Instructions to follow: Return only those lines of the material that contain "color".
*** Opening Provided data ***
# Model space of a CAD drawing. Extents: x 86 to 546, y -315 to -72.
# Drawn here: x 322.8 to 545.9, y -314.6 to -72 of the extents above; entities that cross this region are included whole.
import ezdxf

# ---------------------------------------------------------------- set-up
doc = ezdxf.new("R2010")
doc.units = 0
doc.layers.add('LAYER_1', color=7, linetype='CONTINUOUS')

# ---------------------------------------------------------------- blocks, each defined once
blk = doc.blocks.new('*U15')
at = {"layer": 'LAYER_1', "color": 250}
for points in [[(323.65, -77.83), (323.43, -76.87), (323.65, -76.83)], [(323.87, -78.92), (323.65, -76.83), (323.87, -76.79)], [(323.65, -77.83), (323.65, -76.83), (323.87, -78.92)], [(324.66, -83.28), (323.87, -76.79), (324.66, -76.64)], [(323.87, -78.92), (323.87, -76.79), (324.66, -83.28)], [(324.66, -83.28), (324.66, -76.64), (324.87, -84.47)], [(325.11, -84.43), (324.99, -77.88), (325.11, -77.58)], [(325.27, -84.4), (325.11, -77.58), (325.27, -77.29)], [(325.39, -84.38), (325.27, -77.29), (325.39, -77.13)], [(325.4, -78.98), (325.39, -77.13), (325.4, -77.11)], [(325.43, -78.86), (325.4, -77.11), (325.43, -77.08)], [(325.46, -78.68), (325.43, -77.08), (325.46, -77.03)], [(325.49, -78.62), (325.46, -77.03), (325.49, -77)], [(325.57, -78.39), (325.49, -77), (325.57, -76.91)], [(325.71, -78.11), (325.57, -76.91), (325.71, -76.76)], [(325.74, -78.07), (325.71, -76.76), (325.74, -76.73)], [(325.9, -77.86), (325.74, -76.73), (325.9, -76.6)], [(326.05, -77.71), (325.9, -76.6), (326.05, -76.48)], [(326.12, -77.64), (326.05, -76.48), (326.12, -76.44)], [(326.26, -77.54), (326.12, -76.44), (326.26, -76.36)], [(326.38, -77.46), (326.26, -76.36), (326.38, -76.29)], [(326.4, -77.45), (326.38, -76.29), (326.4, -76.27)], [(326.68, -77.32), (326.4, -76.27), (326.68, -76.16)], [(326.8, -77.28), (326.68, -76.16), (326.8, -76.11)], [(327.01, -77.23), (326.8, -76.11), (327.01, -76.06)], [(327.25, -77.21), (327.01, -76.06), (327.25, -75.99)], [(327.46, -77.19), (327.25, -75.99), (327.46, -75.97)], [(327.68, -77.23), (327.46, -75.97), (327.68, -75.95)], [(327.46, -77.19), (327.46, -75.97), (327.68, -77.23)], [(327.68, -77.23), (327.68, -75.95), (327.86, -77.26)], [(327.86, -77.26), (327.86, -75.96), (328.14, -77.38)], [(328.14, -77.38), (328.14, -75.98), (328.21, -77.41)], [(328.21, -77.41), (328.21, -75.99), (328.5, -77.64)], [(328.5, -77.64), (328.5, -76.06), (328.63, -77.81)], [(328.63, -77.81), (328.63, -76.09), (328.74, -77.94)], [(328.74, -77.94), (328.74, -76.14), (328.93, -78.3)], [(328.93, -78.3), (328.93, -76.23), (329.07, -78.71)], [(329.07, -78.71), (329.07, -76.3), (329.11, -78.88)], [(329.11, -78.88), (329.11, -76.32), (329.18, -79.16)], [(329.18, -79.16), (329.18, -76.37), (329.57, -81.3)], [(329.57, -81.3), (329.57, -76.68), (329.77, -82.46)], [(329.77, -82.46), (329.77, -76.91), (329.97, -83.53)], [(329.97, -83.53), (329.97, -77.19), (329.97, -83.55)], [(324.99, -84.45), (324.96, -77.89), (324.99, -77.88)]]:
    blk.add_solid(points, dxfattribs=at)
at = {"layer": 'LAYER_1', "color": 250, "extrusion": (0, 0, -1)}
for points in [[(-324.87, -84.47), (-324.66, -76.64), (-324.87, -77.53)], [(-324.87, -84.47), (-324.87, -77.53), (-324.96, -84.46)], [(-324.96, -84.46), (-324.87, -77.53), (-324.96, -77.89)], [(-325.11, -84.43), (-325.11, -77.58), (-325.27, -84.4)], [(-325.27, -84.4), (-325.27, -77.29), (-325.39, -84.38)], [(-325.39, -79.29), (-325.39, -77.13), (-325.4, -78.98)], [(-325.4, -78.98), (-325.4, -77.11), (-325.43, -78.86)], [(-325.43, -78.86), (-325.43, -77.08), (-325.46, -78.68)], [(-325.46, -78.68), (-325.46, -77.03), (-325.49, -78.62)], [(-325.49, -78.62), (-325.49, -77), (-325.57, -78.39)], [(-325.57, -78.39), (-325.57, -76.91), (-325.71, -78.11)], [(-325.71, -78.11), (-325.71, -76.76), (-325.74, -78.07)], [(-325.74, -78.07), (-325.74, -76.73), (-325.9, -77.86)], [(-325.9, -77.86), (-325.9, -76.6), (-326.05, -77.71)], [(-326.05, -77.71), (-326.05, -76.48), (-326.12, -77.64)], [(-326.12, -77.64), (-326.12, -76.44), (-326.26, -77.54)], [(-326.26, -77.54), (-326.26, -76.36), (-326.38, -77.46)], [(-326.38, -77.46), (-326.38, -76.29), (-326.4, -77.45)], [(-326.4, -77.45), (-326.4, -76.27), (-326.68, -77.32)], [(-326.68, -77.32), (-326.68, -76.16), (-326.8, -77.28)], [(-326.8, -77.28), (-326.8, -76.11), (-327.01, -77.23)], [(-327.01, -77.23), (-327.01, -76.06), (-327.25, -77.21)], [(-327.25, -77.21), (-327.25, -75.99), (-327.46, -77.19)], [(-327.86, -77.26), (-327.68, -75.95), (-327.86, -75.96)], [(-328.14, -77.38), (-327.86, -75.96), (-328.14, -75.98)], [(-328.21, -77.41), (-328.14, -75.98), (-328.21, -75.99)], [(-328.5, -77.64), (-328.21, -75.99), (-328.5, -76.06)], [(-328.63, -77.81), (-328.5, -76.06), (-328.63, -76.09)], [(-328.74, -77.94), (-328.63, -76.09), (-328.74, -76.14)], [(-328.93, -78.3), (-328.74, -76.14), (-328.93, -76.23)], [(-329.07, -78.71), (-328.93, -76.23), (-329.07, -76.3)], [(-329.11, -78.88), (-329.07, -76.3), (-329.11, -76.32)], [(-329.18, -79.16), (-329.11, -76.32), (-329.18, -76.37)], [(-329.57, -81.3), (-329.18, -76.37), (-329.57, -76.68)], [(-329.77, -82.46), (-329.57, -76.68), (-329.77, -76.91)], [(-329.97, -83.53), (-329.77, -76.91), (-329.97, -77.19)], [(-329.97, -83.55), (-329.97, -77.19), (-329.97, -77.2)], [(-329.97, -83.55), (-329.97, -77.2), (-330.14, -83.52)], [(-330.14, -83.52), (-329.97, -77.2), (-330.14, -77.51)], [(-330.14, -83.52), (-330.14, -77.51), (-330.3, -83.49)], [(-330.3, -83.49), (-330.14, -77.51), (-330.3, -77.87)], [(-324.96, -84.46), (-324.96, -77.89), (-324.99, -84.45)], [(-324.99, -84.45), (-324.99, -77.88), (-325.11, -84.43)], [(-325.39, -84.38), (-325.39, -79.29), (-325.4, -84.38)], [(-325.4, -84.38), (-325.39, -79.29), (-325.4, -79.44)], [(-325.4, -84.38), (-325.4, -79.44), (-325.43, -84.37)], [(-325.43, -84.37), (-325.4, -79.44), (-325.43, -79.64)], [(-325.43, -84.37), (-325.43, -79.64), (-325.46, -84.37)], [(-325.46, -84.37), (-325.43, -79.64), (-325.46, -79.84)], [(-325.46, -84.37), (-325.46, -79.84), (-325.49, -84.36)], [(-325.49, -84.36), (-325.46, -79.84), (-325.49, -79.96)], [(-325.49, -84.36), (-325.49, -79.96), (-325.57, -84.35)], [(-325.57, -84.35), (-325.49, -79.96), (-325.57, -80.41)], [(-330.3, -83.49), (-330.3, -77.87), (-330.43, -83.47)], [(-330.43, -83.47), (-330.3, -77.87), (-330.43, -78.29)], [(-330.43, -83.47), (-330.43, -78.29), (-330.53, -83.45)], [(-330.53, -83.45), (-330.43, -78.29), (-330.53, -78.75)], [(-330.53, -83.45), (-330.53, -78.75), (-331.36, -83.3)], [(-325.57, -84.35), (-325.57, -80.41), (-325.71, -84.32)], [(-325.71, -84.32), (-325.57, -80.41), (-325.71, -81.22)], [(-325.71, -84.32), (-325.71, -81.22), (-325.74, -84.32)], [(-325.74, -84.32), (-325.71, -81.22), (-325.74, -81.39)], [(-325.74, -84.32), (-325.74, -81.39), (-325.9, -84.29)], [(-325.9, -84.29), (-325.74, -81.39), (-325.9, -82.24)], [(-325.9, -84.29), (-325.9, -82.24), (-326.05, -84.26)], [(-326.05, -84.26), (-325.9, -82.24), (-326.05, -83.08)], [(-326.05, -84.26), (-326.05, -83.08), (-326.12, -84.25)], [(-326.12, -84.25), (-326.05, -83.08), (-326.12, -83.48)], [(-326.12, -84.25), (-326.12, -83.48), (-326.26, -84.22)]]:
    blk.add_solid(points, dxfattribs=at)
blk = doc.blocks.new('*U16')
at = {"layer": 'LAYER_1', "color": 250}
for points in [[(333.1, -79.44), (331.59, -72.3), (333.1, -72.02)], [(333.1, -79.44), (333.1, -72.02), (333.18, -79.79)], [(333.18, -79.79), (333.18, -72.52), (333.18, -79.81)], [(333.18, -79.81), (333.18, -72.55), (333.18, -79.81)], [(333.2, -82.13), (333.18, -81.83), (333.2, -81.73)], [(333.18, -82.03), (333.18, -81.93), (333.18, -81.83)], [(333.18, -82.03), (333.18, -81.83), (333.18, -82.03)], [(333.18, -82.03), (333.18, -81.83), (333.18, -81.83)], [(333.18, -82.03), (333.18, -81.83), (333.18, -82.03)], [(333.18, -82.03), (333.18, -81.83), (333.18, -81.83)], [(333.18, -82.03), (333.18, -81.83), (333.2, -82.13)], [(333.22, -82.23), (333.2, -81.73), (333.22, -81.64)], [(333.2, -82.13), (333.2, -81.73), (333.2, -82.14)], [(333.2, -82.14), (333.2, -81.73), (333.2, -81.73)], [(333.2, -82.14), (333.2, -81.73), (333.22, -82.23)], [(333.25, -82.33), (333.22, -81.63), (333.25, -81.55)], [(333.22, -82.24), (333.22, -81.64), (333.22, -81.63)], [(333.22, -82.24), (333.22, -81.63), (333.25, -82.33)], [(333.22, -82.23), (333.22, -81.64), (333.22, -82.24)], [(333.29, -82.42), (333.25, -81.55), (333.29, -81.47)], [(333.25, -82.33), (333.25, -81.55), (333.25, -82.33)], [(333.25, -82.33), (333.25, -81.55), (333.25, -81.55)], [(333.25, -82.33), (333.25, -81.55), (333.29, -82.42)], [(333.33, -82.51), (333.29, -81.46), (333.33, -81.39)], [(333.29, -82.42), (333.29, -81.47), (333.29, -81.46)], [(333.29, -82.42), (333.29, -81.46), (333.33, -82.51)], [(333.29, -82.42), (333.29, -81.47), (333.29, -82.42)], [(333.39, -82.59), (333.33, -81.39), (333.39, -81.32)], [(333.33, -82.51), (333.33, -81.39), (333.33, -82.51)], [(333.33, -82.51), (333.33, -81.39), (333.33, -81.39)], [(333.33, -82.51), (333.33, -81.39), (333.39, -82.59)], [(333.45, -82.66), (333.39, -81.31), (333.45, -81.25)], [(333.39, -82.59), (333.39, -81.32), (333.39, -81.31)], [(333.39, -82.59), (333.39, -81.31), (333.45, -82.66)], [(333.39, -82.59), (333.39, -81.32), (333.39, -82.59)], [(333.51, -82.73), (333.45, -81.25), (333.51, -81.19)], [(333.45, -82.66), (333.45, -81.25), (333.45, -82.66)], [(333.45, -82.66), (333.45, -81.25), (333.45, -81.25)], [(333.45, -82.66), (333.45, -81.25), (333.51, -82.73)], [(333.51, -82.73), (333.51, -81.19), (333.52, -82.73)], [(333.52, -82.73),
*** Closing Provided data ***
Solution below:
doc.layers.add('LAYER_1', color=7, linetype='CONTINUOUS')
at = {"layer": 'LAYER_1', "color": 250}
at = {"layer": 'LAYER_1', "color": 250, "extrusion": (0, 0, -1)}
at = {"layer": 'LAYER_1', "color": 250}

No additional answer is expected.